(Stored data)
########

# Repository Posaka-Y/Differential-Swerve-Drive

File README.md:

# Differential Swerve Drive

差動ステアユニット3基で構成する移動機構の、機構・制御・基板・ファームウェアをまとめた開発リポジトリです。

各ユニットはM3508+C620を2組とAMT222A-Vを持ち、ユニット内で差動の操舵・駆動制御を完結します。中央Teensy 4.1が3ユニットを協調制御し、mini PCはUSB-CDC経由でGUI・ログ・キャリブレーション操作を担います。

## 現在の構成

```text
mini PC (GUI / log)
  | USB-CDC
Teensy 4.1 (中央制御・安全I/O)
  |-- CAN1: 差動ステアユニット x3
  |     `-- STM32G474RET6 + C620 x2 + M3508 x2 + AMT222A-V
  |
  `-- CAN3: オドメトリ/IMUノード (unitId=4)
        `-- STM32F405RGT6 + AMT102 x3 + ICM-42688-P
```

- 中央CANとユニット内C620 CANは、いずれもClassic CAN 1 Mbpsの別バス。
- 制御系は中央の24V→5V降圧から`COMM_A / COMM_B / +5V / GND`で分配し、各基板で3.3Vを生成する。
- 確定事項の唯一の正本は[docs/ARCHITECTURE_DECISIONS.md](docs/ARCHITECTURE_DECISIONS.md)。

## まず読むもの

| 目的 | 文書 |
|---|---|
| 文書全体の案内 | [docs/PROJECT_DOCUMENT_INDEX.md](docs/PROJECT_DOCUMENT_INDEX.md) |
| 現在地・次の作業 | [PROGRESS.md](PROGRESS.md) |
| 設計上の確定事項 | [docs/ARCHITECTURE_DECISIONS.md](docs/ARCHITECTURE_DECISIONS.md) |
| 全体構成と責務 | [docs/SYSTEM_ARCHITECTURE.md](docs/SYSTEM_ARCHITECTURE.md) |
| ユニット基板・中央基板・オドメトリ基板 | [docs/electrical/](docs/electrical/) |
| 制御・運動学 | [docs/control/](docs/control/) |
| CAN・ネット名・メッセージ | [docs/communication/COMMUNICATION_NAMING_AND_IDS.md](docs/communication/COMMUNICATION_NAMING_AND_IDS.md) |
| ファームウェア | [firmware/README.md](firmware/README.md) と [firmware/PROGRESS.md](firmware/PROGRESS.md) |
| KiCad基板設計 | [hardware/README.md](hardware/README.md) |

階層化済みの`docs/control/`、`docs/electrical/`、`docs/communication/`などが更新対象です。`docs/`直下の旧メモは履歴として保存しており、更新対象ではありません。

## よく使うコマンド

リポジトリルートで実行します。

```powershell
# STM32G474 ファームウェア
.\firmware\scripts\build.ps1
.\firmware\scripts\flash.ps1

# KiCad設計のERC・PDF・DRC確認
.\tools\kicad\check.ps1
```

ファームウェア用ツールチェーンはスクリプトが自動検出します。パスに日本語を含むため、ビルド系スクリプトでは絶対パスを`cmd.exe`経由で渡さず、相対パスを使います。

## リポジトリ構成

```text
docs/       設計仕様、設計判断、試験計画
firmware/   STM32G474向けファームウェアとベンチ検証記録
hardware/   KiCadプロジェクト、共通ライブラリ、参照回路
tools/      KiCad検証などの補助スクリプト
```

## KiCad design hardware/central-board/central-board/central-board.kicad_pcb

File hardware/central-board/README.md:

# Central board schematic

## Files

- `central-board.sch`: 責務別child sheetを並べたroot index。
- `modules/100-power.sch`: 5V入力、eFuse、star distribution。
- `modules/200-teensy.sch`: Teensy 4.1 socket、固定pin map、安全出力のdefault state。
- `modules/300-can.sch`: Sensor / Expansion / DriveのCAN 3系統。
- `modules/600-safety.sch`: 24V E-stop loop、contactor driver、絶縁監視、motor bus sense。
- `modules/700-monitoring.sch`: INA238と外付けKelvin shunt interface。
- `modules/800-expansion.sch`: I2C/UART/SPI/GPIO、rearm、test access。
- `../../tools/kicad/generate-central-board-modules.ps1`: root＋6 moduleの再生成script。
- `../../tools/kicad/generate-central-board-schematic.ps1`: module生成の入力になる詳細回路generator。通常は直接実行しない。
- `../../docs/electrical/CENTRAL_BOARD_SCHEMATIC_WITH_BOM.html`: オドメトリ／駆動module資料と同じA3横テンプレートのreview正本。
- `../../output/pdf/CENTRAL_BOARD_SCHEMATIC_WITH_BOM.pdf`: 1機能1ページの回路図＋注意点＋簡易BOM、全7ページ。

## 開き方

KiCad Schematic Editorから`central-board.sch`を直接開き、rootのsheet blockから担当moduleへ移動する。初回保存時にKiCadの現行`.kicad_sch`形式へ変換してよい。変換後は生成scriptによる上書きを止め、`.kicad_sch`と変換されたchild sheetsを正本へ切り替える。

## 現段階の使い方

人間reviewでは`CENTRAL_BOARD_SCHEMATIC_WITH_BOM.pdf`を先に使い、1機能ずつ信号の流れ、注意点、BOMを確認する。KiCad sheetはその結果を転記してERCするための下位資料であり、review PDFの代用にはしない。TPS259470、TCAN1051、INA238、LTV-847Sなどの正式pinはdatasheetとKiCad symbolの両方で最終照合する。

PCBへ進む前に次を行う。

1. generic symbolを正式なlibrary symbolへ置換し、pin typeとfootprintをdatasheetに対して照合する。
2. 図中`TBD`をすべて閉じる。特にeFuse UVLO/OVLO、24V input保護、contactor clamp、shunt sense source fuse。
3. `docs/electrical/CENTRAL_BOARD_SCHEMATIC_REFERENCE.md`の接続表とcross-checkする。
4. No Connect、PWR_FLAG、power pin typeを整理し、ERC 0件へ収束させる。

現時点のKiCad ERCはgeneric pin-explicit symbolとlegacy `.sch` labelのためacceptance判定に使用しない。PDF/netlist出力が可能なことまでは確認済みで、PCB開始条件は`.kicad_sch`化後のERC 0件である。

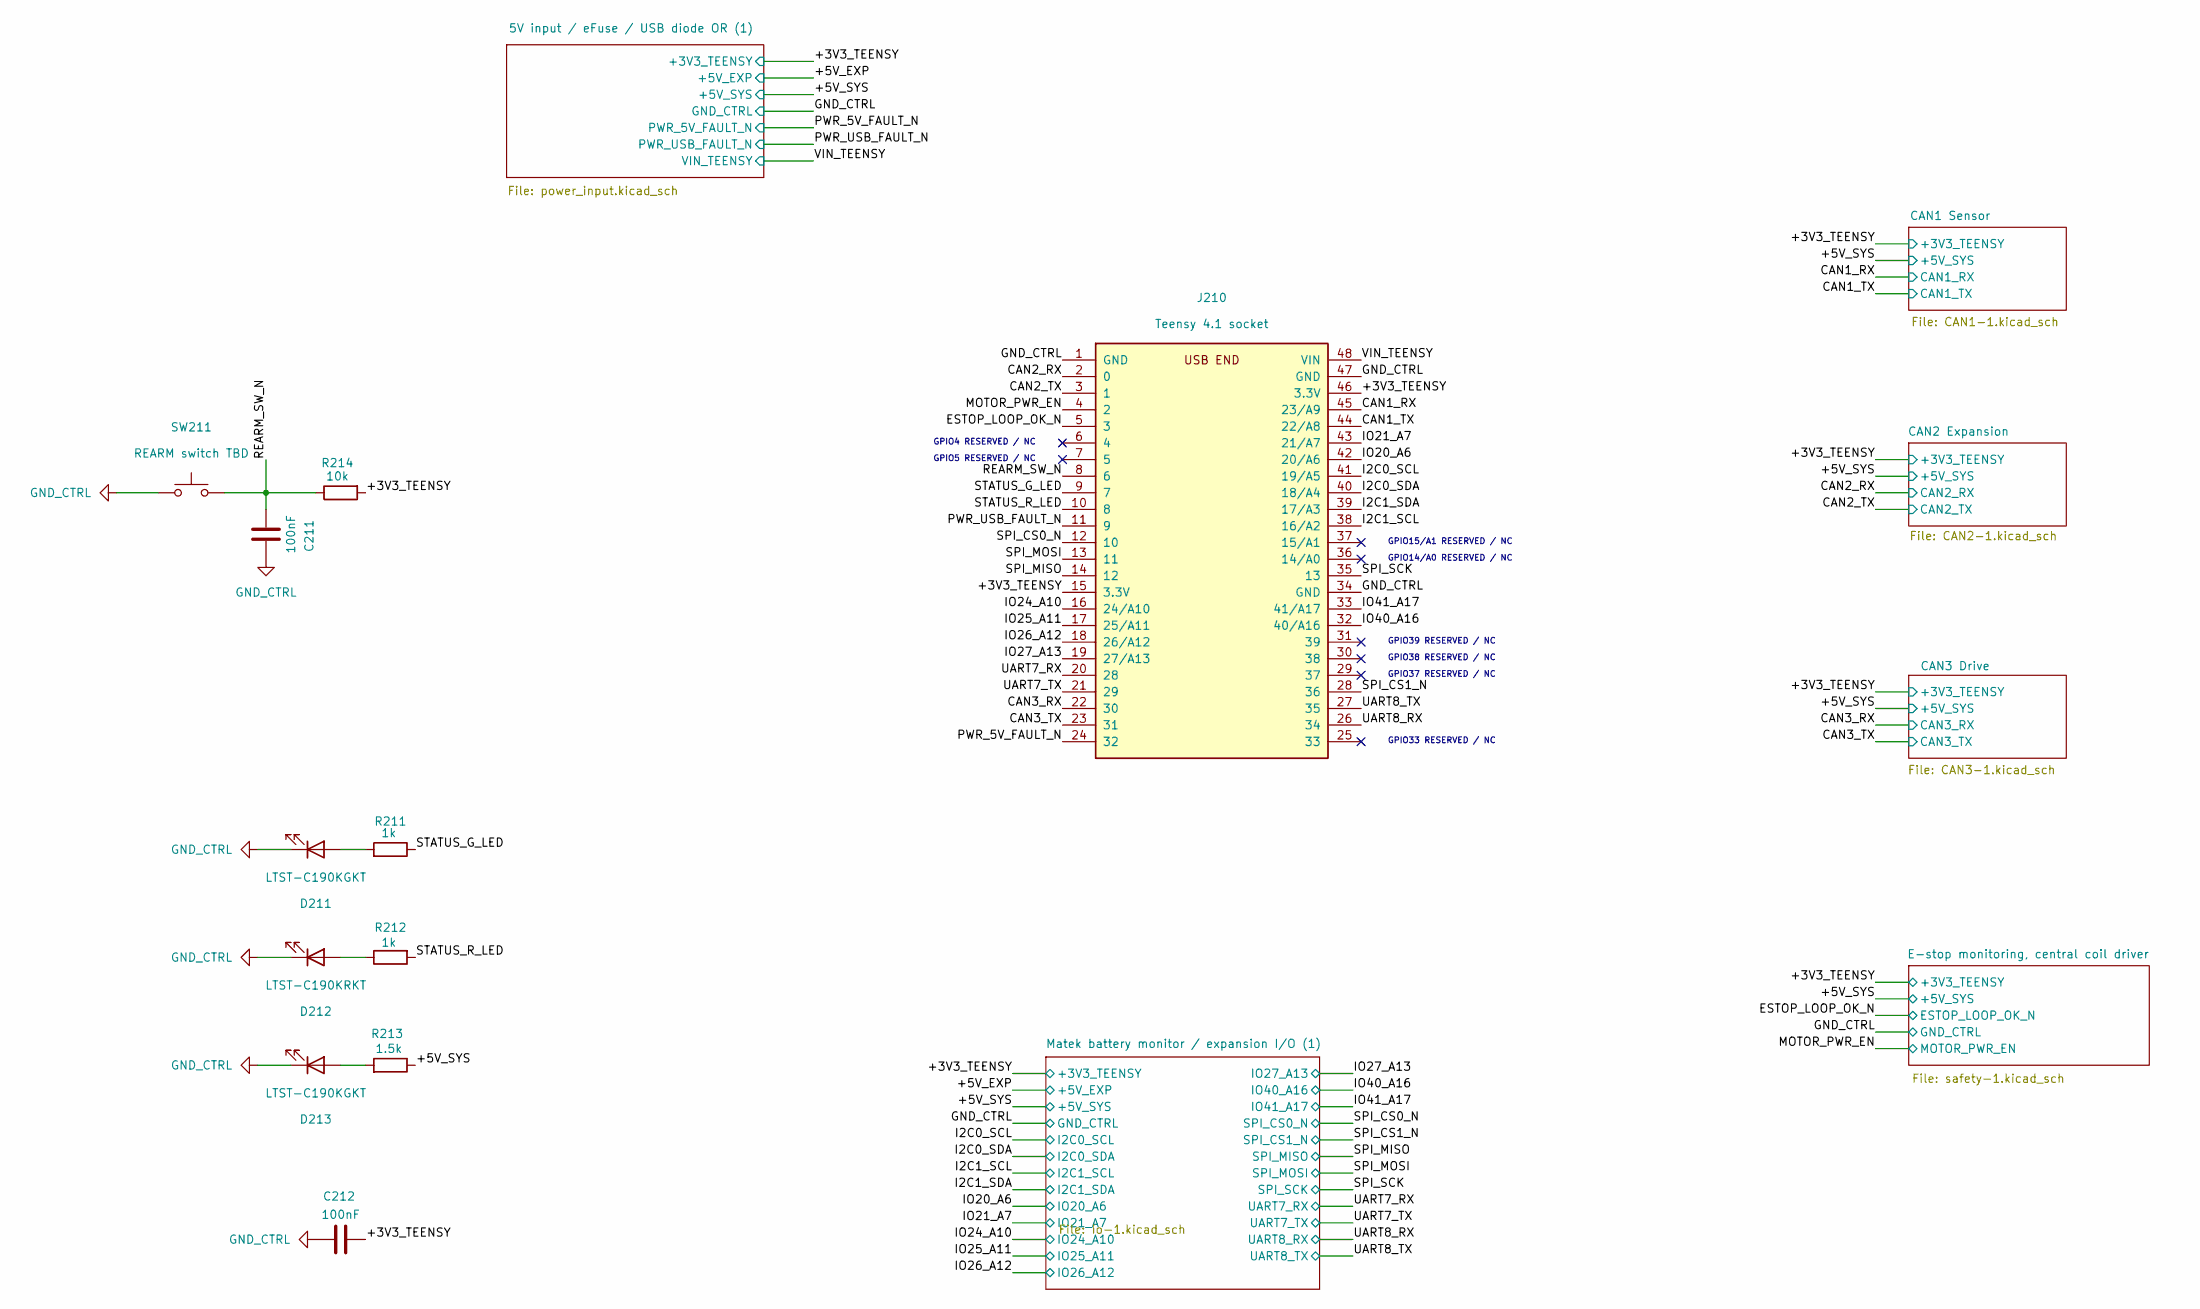
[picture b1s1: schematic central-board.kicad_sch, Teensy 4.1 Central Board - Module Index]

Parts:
C211, C212: 100nF; C_0603_1608Metric
D211, D213: LTST-C190KGKT; LED_0603_1608Metric
D212: LTST-C190KRKT; LED_0603_1608Metric
J210: Teensy 4.1 socket; Teensy41_Socket_2x24
R211, R212: 1k; R_0603_1608Metric
R213: 1.5k; R_0603_1608Metric
R214: 10k; R_0603_1608Metric
SW211: REARM switch TBD

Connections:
/+3V3_TEENSY: C212.1, J210.15 (3.3V), J210.46 (3.3V), R214.2; also elsewhere on the board
/+5V_SYS: R213.1; also elsewhere on the board
/CAN1_RX: J210.45 (23/A9); also elsewhere on the board
/CAN1_TX: J210.44 (22/A8); also elsewhere on the board
/CAN2_RX: J210.2 (0); also elsewhere on the board
/CAN2_TX: J210.3 (1); also elsewhere on the board
/CAN3_RX: J210.22 (30); also elsewhere on the board
/CAN3_TX: J210.23 (31); also elsewhere on the board
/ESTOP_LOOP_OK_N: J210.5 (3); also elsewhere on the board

########

#### Exercise details
Copy every record exactly, dropping the images.

#### Solution to this exercise
# Repository Posaka-Y/Differential-Swerve-Drive

File README.md:

# Differential Swerve Drive

差動ステアユニット3基で構成する移動機構の、機構・制御・基板・ファームウェアをまとめた開発リポジトリです。

各ユニットはM3508+C620を2組とAMT222A-Vを持ち、ユニット内で差動の操舵・駆動制御を完結します。中央Teensy 4.1が3ユニットを協調制御し、mini PCはUSB-CDC経由でGUI・ログ・キャリブレーション操作を担います。

## 現在の構成

```text
mini PC (GUI / log)
  | USB-CDC
Teensy 4.1 (中央制御・安全I/O)
  |-- CAN1: 差動ステアユニット x3
  |     `-- STM32G474RET6 + C620 x2 + M3508 x2 + AMT222A-V
  |
  `-- CAN3: オドメトリ/IMUノード (unitId=4)
        `-- STM32F405RGT6 + AMT102 x3 + ICM-42688-P
```

- 中央CANとユニット内C620 CANは、いずれもClassic CAN 1 Mbpsの別バス。
- 制御系は中央の24V→5V降圧から`COMM_A / COMM_B / +5V / GND`で分配し、各基板で3.3Vを生成する。
- 確定事項の唯一の正本は[docs/ARCHITECTURE_DECISIONS.md](docs/ARCHITECTURE_DECISIONS.md)。

## まず読むもの

| 目的 | 文書 |
|---|---|
| 文書全体の案内 | [docs/PROJECT_DOCUMENT_INDEX.md](docs/PROJECT_DOCUMENT_INDEX.md) |
| 現在地・次の作業 | [PROGRESS.md](PROGRESS.md) |
| 設計上の確定事項 | [docs/ARCHITECTURE_DECISIONS.md](docs/ARCHITECTURE_DECISIONS.md) |
| 全体構成と責務 | [docs/SYSTEM_ARCHITECTURE.md](docs/SYSTEM_ARCHITECTURE.md) |
| ユニット基板・中央基板・オドメトリ基板 | [docs/electrical/](docs/electrical/) |
| 制御・運動学 | [docs/control/](docs/control/) |
| CAN・ネット名・メッセージ | [docs/communication/COMMUNICATION_NAMING_AND_IDS.md](docs/communication/COMMUNICATION_NAMING_AND_IDS.md) |
| ファームウェア | [firmware/README.md](firmware/README.md) と [firmware/PROGRESS.md](firmware/PROGRESS.md) |
| KiCad基板設計 | [hardware/README.md](hardware/README.md) |

階層化済みの`docs/control/`、`docs/electrical/`、`docs/communication/`などが更新対象です。`docs/`直下の旧メモは履歴として保存しており、更新対象ではありません。

## よく使うコマンド

リポジトリルートで実行します。

```powershell
# STM32G474 ファームウェア
.\firmware\scripts\build.ps1
.\firmware\scripts\flash.ps1

# KiCad設計のERC・PDF・DRC確認
.\tools\kicad\check.ps1
```

ファームウェア用ツールチェーンはスクリプトが自動検出します。パスに日本語を含むため、ビルド系スクリプトでは絶対パスを`cmd.exe`経由で渡さず、相対パスを使います。

## リポジトリ構成

```text
docs/       設計仕様、設計判断、試験計画
firmware/   STM32G474向けファームウェアとベンチ検証記録
hardware/   KiCadプロジェクト、共通ライブラリ、参照回路
tools/      KiCad検証などの補助スクリプト
```

## KiCad design hardware/central-board/central-board/central-board.kicad_pcb

File hardware/central-board/README.md:

# Central board schematic

## Files

- `central-board.sch`: 責務別child sheetを並べたroot index。
- `modules/100-power.sch`: 5V入力、eFuse、star distribution。
- `modules/200-teensy.sch`: Teensy 4.1 socket、固定pin map、安全出力のdefault state。
- `modules/300-can.sch`: Sensor / Expansion / DriveのCAN 3系統。
- `modules/600-safety.sch`: 24V E-stop loop、contactor driver、絶縁監視、motor bus sense。
- `modules/700-monitoring.sch`: INA238と外付けKelvin shunt interface。
- `modules/800-expansion.sch`: I2C/UART/SPI/GPIO、rearm、test access。
- `../../tools/kicad/generate-central-board-modules.ps1`: root＋6 moduleの再生成script。
- `../../tools/kicad/generate-central-board-schematic.ps1`: module生成の入力になる詳細回路generator。通常は直接実行しない。
- `../../docs/electrical/CENTRAL_BOARD_SCHEMATIC_WITH_BOM.html`: オドメトリ／駆動module資料と同じA3横テンプレートのreview正本。
- `../../output/pdf/CENTRAL_BOARD_SCHEMATIC_WITH_BOM.pdf`: 1機能1ページの回路図＋注意点＋簡易BOM、全7ページ。

## 開き方

KiCad Schematic Editorから`central-board.sch`を直接開き、rootのsheet blockから担当moduleへ移動する。初回保存時にKiCadの現行`.kicad_sch`形式へ変換してよい。変換後は生成scriptによる上書きを止め、`.kicad_sch`と変換されたchild sheetsを正本へ切り替える。

## 現段階の使い方

人間reviewでは`CENTRAL_BOARD_SCHEMATIC_WITH_BOM.pdf`を先に使い、1機能ずつ信号の流れ、注意点、BOMを確認する。KiCad sheetはその結果を転記してERCするための下位資料であり、review PDFの代用にはしない。TPS259470、TCAN1051、INA238、LTV-847Sなどの正式pinはdatasheetとKiCad symbolの両方で最終照合する。

PCBへ進む前に次を行う。

1. generic symbolを正式なlibrary symbolへ置換し、pin typeとfootprintをdatasheetに対して照合する。
2. 図中`TBD`をすべて閉じる。特にeFuse UVLO/OVLO、24V input保護、contactor clamp、shunt sense source fuse。
3. `docs/electrical/CENTRAL_BOARD_SCHEMATIC_REFERENCE.md`の接続表とcross-checkする。
4. No Connect、PWR_FLAG、power pin typeを整理し、ERC 0件へ収束させる。

現時点のKiCad ERCはgeneric pin-explicit symbolとlegacy `.sch` labelのためacceptance判定に使用しない。PDF/netlist出力が可能なことまでは確認済みで、PCB開始条件は`.kicad_sch`化後のERC 0件である。

[picture b1s1: schematic central-board.kicad_sch, Teensy 4.1 Central Board - Module Index]

Parts:
C211, C212: 100nF; C_0603_1608Metric
D211, D213: LTST-C190KGKT; LED_0603_1608Metric
D212: LTST-C190KRKT; LED_0603_1608Metric
J210: Teensy 4.1 socket; Teensy41_Socket_2x24
R211, R212: 1k; R_0603_1608Metric
R213: 1.5k; R_0603_1608Metric
R214: 10k; R_0603_1608Metric
SW211: REARM switch TBD

Connections:
/+3V3_TEENSY: C212.1, J210.15 (3.3V), J210.46 (3.3V), R214.2; also elsewhere on the board
/+5V_SYS: R213.1; also elsewhere on the board
/CAN1_RX: J210.45 (23/A9); also elsewhere on the board
/CAN1_TX: J210.44 (22/A8); also elsewhere on the board
/CAN2_RX: J210.2 (0); also elsewhere on the board
/CAN2_TX: J210.3 (1); also elsewhere on the board
/CAN3_RX: J210.22 (30); also elsewhere on the board
/CAN3_TX: J210.23 (31); also elsewhere on the board
/ESTOP_LOOP_OK_N: J210.5 (3); also elsewhere on the board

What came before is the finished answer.